Entre las muchas afirmaciones sin ton ni son que se lanzan hoy a los “debates” púbicos hay una que dice que los alumnos desde noveno o décimo grado de bachillerato tal vez ya no necesiten la clase de religión o, mejor dicho, nada de “esas cosas”. Para ser más precisos, jóvenes de 16, 17 o 18 años, por obra y gracia de no se sabe qué fuerza misteriosa habrían superado la etapa infantil de tener que profesar una religión. Más aún, de ejercitarse en lo espiritual. El tema no tiene nada que ver en el fondo con los colegios, cuya misión en últimas no es necesariamente la evangelización, sino con la pregunta acerca de cuándo se hace más necesario el desarrollo espiritual de una persona.
Es inútil adentrarse en este tema por el intrincado sendero de derechos y más bien sí parece pertinente confrontar la pregunta con el desarrollo real y cuotidiano de la vida humana.

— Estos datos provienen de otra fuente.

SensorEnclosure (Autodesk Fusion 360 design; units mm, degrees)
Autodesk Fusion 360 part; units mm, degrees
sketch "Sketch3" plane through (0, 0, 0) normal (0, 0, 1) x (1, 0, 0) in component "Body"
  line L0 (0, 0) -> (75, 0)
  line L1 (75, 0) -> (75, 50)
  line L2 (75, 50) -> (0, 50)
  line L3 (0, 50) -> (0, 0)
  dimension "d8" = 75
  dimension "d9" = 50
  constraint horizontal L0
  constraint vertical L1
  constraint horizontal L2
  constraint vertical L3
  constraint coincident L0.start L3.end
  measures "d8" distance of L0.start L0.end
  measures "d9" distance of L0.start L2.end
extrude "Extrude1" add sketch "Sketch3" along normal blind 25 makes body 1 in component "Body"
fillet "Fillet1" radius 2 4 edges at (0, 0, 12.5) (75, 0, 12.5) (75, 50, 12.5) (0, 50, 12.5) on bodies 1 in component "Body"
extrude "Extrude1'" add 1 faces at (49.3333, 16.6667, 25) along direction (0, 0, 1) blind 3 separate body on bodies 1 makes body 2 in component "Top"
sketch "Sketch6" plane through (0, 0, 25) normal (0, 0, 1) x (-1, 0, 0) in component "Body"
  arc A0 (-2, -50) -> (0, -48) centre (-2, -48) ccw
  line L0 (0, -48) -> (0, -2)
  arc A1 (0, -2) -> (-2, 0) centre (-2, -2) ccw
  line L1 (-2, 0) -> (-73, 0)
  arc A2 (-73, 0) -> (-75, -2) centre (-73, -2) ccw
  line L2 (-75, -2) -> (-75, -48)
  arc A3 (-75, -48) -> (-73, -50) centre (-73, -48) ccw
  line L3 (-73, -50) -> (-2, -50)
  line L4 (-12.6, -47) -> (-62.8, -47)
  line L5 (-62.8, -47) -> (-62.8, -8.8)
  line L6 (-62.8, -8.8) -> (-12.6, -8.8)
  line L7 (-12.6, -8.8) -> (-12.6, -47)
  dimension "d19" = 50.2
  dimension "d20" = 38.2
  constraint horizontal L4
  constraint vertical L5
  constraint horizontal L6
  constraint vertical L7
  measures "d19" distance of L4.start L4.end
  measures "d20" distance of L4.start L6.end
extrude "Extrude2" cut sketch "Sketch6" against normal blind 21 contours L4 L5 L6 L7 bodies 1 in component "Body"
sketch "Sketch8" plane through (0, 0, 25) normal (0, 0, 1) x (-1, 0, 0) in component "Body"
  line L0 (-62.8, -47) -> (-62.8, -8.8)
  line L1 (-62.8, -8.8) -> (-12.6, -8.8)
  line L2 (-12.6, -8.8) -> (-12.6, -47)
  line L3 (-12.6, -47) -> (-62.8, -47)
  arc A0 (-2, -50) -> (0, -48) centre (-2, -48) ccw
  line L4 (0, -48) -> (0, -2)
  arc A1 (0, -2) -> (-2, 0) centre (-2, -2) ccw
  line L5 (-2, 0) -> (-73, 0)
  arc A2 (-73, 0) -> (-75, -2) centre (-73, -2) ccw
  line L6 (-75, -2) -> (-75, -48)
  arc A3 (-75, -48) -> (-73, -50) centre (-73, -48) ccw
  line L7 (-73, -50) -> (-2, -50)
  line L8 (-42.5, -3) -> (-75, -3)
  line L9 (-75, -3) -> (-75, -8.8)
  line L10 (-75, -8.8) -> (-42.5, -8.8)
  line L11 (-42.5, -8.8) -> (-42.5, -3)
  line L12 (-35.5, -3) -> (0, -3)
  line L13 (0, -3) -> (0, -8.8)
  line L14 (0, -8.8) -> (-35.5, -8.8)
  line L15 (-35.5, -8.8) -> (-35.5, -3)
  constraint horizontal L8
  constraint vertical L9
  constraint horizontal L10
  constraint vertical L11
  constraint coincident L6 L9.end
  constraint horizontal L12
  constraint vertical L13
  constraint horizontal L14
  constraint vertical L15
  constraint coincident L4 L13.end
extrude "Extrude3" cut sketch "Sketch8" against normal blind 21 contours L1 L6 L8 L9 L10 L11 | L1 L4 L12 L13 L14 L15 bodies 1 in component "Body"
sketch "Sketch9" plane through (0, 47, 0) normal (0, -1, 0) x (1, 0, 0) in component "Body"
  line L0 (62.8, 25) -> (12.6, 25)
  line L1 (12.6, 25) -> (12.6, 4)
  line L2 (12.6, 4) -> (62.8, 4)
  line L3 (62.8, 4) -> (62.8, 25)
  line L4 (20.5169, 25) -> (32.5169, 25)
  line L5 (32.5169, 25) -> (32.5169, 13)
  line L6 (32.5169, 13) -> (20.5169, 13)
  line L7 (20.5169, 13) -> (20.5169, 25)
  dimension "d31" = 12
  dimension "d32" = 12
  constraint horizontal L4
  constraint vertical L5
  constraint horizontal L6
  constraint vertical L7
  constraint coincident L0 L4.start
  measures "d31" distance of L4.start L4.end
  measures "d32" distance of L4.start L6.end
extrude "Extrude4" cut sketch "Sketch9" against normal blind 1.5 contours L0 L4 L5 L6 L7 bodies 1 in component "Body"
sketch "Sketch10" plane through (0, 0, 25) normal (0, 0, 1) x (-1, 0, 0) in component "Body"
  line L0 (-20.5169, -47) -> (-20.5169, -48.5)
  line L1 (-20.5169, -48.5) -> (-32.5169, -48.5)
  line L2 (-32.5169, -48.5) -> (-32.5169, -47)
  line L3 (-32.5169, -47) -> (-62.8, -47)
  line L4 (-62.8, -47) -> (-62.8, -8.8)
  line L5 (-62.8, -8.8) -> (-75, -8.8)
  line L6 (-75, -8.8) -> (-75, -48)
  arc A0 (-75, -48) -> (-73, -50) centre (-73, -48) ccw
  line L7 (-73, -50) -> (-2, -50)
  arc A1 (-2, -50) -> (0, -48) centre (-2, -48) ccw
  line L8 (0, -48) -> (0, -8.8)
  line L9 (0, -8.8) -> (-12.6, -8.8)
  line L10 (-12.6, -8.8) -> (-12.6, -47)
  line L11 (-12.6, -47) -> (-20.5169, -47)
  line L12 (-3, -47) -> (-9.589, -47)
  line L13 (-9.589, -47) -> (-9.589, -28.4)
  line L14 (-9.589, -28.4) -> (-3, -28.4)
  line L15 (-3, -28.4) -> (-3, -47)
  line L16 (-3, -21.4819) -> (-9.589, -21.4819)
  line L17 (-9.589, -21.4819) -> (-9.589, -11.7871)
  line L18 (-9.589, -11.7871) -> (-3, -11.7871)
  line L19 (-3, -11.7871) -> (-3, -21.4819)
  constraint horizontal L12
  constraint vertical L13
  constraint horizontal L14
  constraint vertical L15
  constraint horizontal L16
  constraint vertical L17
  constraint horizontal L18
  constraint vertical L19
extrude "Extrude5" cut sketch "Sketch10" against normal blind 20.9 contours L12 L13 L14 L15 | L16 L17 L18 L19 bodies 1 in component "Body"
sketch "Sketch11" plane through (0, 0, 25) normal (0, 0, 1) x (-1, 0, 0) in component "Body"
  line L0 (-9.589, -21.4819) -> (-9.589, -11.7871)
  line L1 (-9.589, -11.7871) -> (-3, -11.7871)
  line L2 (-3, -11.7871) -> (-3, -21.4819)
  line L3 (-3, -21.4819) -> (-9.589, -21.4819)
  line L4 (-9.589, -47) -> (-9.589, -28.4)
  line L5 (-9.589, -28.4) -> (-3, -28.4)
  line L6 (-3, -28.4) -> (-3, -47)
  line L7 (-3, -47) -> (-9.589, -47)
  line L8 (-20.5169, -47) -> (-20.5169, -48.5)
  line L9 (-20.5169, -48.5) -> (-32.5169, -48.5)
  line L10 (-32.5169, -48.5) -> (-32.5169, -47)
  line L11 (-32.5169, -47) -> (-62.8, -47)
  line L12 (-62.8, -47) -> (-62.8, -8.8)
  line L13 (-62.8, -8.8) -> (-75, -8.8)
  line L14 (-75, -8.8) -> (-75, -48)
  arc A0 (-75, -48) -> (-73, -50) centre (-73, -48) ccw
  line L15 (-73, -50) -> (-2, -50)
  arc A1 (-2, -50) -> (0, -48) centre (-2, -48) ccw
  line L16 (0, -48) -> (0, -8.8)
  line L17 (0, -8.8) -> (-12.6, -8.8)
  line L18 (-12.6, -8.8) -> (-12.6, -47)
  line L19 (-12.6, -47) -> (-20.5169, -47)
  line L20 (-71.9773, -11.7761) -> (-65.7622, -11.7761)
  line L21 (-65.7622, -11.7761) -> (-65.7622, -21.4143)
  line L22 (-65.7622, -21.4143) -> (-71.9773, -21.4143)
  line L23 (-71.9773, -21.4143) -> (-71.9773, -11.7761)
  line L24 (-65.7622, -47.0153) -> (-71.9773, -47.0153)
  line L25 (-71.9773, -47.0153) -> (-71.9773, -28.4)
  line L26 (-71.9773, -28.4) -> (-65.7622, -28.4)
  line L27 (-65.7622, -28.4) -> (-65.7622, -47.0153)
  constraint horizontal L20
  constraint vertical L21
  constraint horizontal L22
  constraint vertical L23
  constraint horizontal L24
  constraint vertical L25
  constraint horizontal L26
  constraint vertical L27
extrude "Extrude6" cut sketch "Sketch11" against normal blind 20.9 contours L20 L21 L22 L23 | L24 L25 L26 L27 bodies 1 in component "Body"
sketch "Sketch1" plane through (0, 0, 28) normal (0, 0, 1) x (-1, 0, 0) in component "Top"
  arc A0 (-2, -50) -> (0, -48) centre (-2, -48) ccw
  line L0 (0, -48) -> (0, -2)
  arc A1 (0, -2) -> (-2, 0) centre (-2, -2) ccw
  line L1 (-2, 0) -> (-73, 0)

Y todo indica para el observador objetivo que, en verdad, a medida que una persona crece y se hace adulta en todo sentido, es cuando la vida puede sacar mejor provecho de su dimensión espiritual y su formación religiosa.
Un niño y un adolescente suelen contar en esos momentos de la vida con la buena asistencia de sus papás y en cierto sentido se lo solucionan todo, incluso el sentido de su existencia, si les dan cariño, cuidado, amor y un norte claro. Pero una vez arranca la vida adulta, la persona se enfrenta a un sinfín de preguntas, dilemas, crisis y en últimas a la razón de ser de su existencia y ahí es cuando la dimensión espiritual tiene mucho qué decir y ofrecer.
Yo creo que el desentenderse de la dimensión espiritual y religiosa de adolescentes y jóvenes, en cuanto a los adultos se refiere, es una posición un poco cómoda y de resignación. A veces no parece haber más opciones por la dureza de corazón de algunos de estos creaturos en formación. Pero puede ser también una forma de dejarlos ir paulatinamente al abismo, al absurdo, al sinsentido de la vida. La cultura que respiramos actualmente, ocupada como la que más en el placer, en el éxito individual, en lo subjetivo, en la autonomía total, lejos está de querer entenderse con lo espiritual y religioso, a no ser de forma un poco mágica e instrumental. Contemplan esta dimensión como algo extraño y que quizás corresponda solo a un aspecto privado de la vida personal.
No tengo la menor duda de que a medida que la persona crece y se desarrolla, necesita más y más de lo espiritual y es deber de padres de familia, de las iglesias por supuesto, de los verdaderos educadores, de todo el que esté interesado por la suerte de los demás, buscar la manera de cultivar y hacer crecer progresivamente este aspecto para un desarrollo humano integral. No me convence el cuento de que porque tiene 17 años ya no necesita religión. La que está por hacer es la lista de las mil tonterías aprendidas hasta esa edad, realmente inútiles. Pero que la haga otro.